I don’t buy it!
Who does this guy think he is? Calls himself The Reverend Billy and The Church of Stop Shopping?
And now he’s got this movie as well, “What would Jesus Buy?”
This…man…is banned in EVERY STARBUCKS in THE WORLD! And why, my friends? Because he tried to exorcise one of their cash registers. Yes, an innocent cash register.
A banned man, banned from Starbucks! That is just and righteous. Where is the evil in a cash register? We cannot, nay, will not, tolerate such infringements to our rights as consumers of six and seven dollar lattes. These are the coffees that Americans want to drink, the coffees that Americans will drink. Coffeebeans picked for peanuts by struggling coffee-farmers in the Garden of Ethiopia. (Response: “For God’s sake, stop whining: Shop and Grieve”.)
What is it with the Reverend Billy, with his white suit and his long flowing platinum hair. Who does he think he is? What does he think he looks like. This man is a danger. This man goeth about like a roaring lion, seeking whom he may devour. As he did at Victoria’s Secret, did he also do at Macy’s on Black Friday –the Holiest Day in our Consuming Calender, the Holiest Day on which the nation finally buys its way indulgenced into heaven. There he was, getting in the way of Commerce and the Righteous Hunger for Stuff, and the credit card debt that keepeth the economy afloat.

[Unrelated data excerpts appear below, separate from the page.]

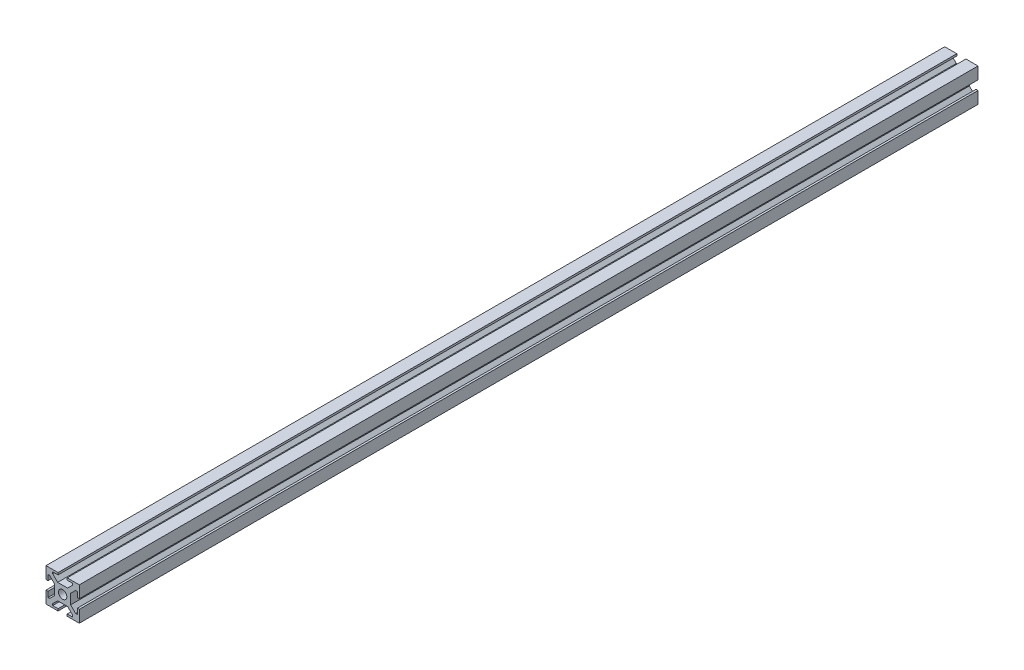
from build123d import *

# Parameters (mm, degrees)
ESQUISSE1_W             = 20
ESQUISSE1_H             = 20
BOSS_EXTRU_1_DEPTH      = 540
ESQUISSE2_W             = 1.2
ESQUISSE2_H             = 5.5
ESQUISSE2_W_2           = 5.5
ESQUISSE2_H_2           = 1.2
ENL_V_MAT_EXTRU_1_DEPTH = 541
ENL_V_MAT_EXTRU_2_DEPTH = 541
ESQUISSE4_R             = 2.5
ENL_V_MAT_EXTRU_3_DEPTH = 541


with BuildPart() as part:
    # Esquisse1 → Boss.-Extru.1 (new body)
    with BuildSketch(Plane.XY):
        with Locations((-12.505109137, -9.909560068)):
            Rectangle(ESQUISSE1_W, ESQUISSE1_H)
    extrude(amount=BOSS_EXTRU_1_DEPTH)

    # Esquisse2 → Enlèv. mat.-Extru.1 (cut, through all)
    with BuildSketch(Plane.XY.offset(540)):
        with Locations((-21.905109137, -9.909560068)):
            Rectangle(ESQUISSE2_W, ESQUISSE2_H)
        with Locations((-12.505109137, -0.509560068)):
            Rectangle(ESQUISSE2_W_2, ESQUISSE2_H_2)
        with Locations((-3.105109137, -9.909560068)):
            Rectangle(ESQUISSE2_W, ESQUISSE2_H)
        with Locations((-12.505109137, -19.309560068)):
            Rectangle(ESQUISSE2_W_2, ESQUISSE2_H_2)
    extrude(amount=-ENL_V_MAT_EXTRU_1_DEPTH, mode=Mode.SUBTRACT)

    # Esquisse3 → Enlèv. mat.-Extru.2 (cut, through all)
    with BuildSketch(Plane.XY.offset(540)):
        Polygon((-21.305109137, -15.909560068), (-20.305109137, -15.909560068), (-17.305109137, -12.909560068), (-17.305109137, -6.909560068), (-20.305109137, -3.909560068), (-21.305109137, -3.909560068), align=None)
        Polygon((-18.505109137, -1.109560068), (-6.505109137, -1.109560068), (-6.505109137, -2.109560068), (-9.505109137, -5.109560068), (-15.505109137, -5.109560068), (-18.505109137, -2.109560068), align=None)
        Polygon((-3.705109137, -3.909560068), (-4.705109137, -3.909560068), (-7.705109137, -6.909560068), (-7.705109137, -12.909560068), (-4.705109137, -15.909560068), (-3.705109137, -15.909560068), align=None)
        Polygon((-6.505109137, -18.709560068), (-18.505109137, -18.709560068), (-18.505109137, -17.709560068), (-15.505109137, -14.709560068), (-9.505109137, -14.709560068), (-6.505109137, -17.709560068), align=None)
    extrude(amount=-ENL_V_MAT_EXTRU_2_DEPTH, mode=Mode.SUBTRACT)

    # Esquisse4 → Enlèv. mat.-Extru.3 (cut, through all)
    with BuildSketch(Plane.XY.offset(540)):
        with Locations((-12.505109137, -9.909560068)):
            Circle(ESQUISSE4_R)
    extrude(amount=-ENL_V_MAT_EXTRU_3_DEPTH, mode=Mode.SUBTRACT)


solid = part.part

Give us our cheap toys, whether or no they be lead-painted and lead-tainted; give us this (Black Fri)day our knockoff bags, our $1000, nay $10,000 baubles, our diamonds of death, our $6 unfair lattes, our teaser-rate subprime mortgages. Everybody say “Caveat Sucker!” Amen.
Pray with me, Brothers and Sisters, say a prayer so we may Rise Up against Old Splitfoot and the “Moral Hazards” that he seeks to snare us with. Somebody say “Get Thee behind Me!”
Somebody say “Shop and Grieve.”
As we enter the Holiest Season, here is a modest proposal: Brothers and Sisters, let us pause and let us stop shopping; together let us cut back on Expensive Baubles in the Kingdom –indeed, just one may suffice– and instead buy one of our guys in the exterior darkness of Iraq and Afghanistan a Full Set of LatterDay Body Armor –there are some who still languish without the Body Armor of The Lord to protect their frail frames, their vulnerable lives.
Whether For War, or Not for War, let us together as a nation do this one Right Thing, let us stop shopping, let us spend our own personal treasure at home, so as to keep their bodies and souls together, so that our HEARTS — after four years sore-tired of “GOING OUT”– may go out…less. And less.
And no more, no longer.
Let us shop for them over there, so we need not ourselves grieve here.